ABOUT THIS TASK: Copy all data exactly. Skip pictures.

DATA FOR ANALYSIS:
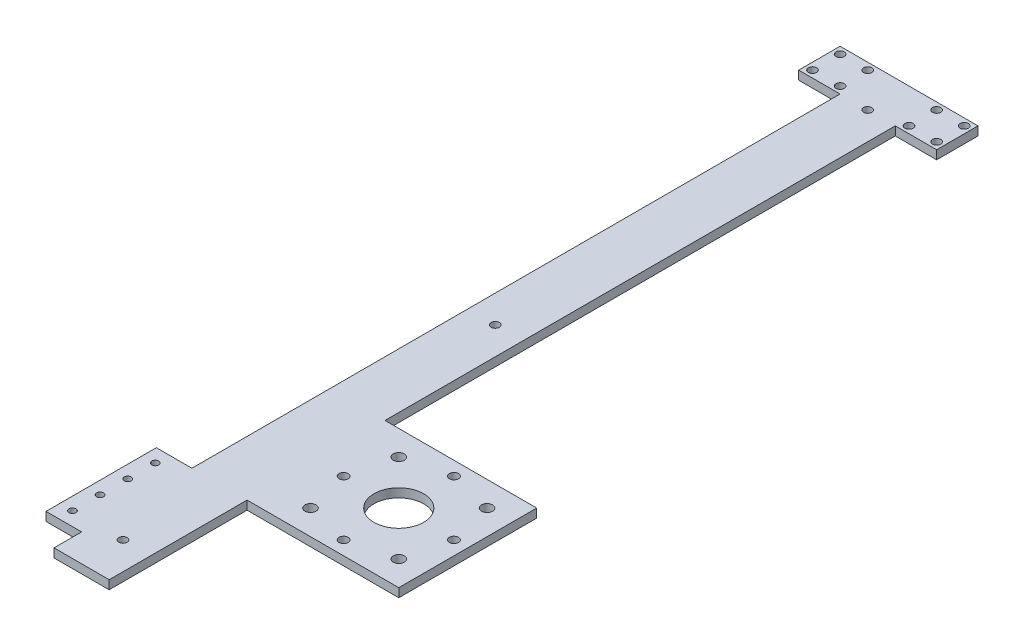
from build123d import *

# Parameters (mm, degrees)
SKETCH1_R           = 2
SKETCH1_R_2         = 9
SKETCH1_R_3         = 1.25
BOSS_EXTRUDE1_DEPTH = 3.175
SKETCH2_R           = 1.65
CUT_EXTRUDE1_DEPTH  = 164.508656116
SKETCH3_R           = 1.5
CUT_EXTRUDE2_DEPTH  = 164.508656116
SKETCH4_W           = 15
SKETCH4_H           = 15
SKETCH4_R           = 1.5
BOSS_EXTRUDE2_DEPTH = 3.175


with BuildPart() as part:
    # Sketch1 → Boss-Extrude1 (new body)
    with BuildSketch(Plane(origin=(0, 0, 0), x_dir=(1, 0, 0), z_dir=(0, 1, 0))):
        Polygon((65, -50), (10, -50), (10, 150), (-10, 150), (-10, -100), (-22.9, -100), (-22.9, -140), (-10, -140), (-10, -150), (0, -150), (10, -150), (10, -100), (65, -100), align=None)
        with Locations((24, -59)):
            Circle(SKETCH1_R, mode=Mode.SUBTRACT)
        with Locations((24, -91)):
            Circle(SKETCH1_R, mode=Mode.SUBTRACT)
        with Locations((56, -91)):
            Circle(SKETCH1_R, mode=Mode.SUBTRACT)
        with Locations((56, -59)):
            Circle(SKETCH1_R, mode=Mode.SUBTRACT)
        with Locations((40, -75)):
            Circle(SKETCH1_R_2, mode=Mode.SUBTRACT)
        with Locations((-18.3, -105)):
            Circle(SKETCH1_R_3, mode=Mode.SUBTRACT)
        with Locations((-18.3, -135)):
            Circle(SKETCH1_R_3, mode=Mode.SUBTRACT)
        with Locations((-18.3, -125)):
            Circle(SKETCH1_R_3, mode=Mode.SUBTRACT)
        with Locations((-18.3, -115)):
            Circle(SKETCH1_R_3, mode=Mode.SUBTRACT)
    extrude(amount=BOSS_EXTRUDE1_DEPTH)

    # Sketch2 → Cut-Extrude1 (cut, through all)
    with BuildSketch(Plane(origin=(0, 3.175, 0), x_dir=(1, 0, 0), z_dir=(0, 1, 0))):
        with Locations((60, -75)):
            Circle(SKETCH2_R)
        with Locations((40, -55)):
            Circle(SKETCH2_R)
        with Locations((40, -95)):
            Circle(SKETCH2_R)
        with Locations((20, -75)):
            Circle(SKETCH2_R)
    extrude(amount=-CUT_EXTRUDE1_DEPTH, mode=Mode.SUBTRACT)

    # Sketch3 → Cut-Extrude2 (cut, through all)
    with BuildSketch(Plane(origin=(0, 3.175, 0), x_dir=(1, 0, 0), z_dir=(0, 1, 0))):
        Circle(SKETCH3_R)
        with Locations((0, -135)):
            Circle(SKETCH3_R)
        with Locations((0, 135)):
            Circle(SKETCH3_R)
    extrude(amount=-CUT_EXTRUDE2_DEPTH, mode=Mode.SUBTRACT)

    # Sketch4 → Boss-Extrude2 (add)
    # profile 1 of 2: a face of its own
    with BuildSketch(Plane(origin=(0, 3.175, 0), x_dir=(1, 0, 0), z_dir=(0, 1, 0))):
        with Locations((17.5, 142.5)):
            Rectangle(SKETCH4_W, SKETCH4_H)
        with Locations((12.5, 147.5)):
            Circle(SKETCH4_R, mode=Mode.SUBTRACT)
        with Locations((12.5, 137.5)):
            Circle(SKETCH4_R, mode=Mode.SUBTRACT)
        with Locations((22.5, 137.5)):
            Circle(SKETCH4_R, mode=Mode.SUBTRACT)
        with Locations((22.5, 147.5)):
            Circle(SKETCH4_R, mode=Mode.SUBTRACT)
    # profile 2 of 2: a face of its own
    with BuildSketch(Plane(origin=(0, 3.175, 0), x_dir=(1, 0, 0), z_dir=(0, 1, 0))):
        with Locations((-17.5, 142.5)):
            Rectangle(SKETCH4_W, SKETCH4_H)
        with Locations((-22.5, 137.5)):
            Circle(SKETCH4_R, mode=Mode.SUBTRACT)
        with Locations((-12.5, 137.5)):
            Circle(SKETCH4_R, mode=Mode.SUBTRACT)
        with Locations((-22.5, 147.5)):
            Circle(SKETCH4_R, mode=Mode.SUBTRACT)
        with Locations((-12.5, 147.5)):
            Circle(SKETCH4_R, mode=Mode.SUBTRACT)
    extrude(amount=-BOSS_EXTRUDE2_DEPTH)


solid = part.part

RESPONSE TO THIS EXERCISE:
from build123d import *

# Parameters (mm, degrees)
SKETCH1_R           = 2
SKETCH1_R_2         = 9
SKETCH1_R_3         = 1.25
BOSS_EXTRUDE1_DEPTH = 3.175
SKETCH2_R           = 1.65
CUT_EXTRUDE1_DEPTH  = 164.508656116
SKETCH3_R           = 1.5
CUT_EXTRUDE2_DEPTH  = 164.508656116
SKETCH4_W           = 15
SKETCH4_H           = 15
SKETCH4_R           = 1.5
BOSS_EXTRUDE2_DEPTH = 3.175


with BuildPart() as part:
    # Sketch1 → Boss-Extrude1 (new body)
    with BuildSketch(Plane(origin=(0, 0, 0), x_dir=(1, 0, 0), z_dir=(0, 1, 0))):
        Polygon((65, -50), (10, -50), (10, 150), (-10, 150), (-10, -100), (-22.9, -100), (-22.9, -140), (-10, -140), (-10, -150), (0, -150), (10, -150), (10, -100), (65, -100), align=None)
        with Locations((24, -59)):
            Circle(SKETCH1_R, mode=Mode.SUBTRACT)
        with Locations((24, -91)):
            Circle(SKETCH1_R, mode=Mode.SUBTRACT)
        with Locations((56, -91)):
            Circle(SKETCH1_R, mode=Mode.SUBTRACT)
        with Locations((56, -59)):
            Circle(SKETCH1_R, mode=Mode.SUBTRACT)
        with Locations((40, -75)):
            Circle(SKETCH1_R_2, mode=Mode.SUBTRACT)
        with Locations((-18.3, -105)):
            Circle(SKETCH1_R_3, mode=Mode.SUBTRACT)
        with Locations((-18.3, -135)):
            Circle(SKETCH1_R_3, mode=Mode.SUBTRACT)
        with Locations((-18.3, -125)):
            Circle(SKETCH1_R_3, mode=Mode.SUBTRACT)
        with Locations((-18.3, -115)):
            Circle(SKETCH1_R_3, mode=Mode.SUBTRACT)
    extrude(amount=BOSS_EXTRUDE1_DEPTH)

    # Sketch2 → Cut-Extrude1 (cut, through all)
    with BuildSketch(Plane(origin=(0, 3.175, 0), x_dir=(1, 0, 0), z_dir=(0, 1, 0))):
        with Locations((60, -75)):
            Circle(SKETCH2_R)
        with Locations((40, -55)):
            Circle(SKETCH2_R)
        with Locations((40, -95)):
            Circle(SKETCH2_R)
        with Locations((20, -75)):
            Circle(SKETCH2_R)
    extrude(amount=-CUT_EXTRUDE1_DEPTH, mode=Mode.SUBTRACT)

    # Sketch3 → Cut-Extrude2 (cut, through all)
    with BuildSketch(Plane(origin=(0, 3.175, 0), x_dir=(1, 0, 0), z_dir=(0, 1, 0))):
        Circle(SKETCH3_R)
        with Locations((0, -135)):
            Circle(SKETCH3_R)
        with Locations((0, 135)):
            Circle(SKETCH3_R)
    extrude(amount=-CUT_EXTRUDE2_DEPTH, mode=Mode.SUBTRACT)

    # Sketch4 → Boss-Extrude2 (add)
    # profile 1 of 2: a face of its own
    with BuildSketch(Plane(origin=(0, 3.175, 0), x_dir=(1, 0, 0), z_dir=(0, 1, 0))):
        with Locations((17.5, 142.5)):
            Rectangle(SKETCH4_W, SKETCH4_H)
        with Locations((12.5, 147.5)):
            Circle(SKETCH4_R, mode=Mode.SUBTRACT)
        with Locations((12.5, 137.5)):
            Circle(SKETCH4_R, mode=Mode.SUBTRACT)
        with Locations((22.5, 137.5)):
            Circle(SKETCH4_R, mode=Mode.SUBTRACT)
        with Locations((22.5, 147.5)):
            Circle(SKETCH4_R, mode=Mode.SUBTRACT)
    # profile 2 of 2: a face of its own
    with BuildSketch(Plane(origin=(0, 3.175, 0), x_dir=(1, 0, 0), z_dir=(0, 1, 0))):
        with Locations((-17.5, 142.5)):
            Rectangle(SKETCH4_W, SKETCH4_H)
        with Locations((-22.5, 137.5)):
            Circle(SKETCH4_R, mode=Mode.SUBTRACT)
        with Locations((-12.5, 137.5)):
            Circle(SKETCH4_R, mode=Mode.SUBTRACT)
        with Locations((-22.5, 147.5)):
            Circle(SKETCH4_R, mode=Mode.SUBTRACT)
        with Locations((-12.5, 147.5)):
            Circle(SKETCH4_R, mode=Mode.SUBTRACT)
    extrude(amount=-BOSS_EXTRUDE2_DEPTH)


solid = part.part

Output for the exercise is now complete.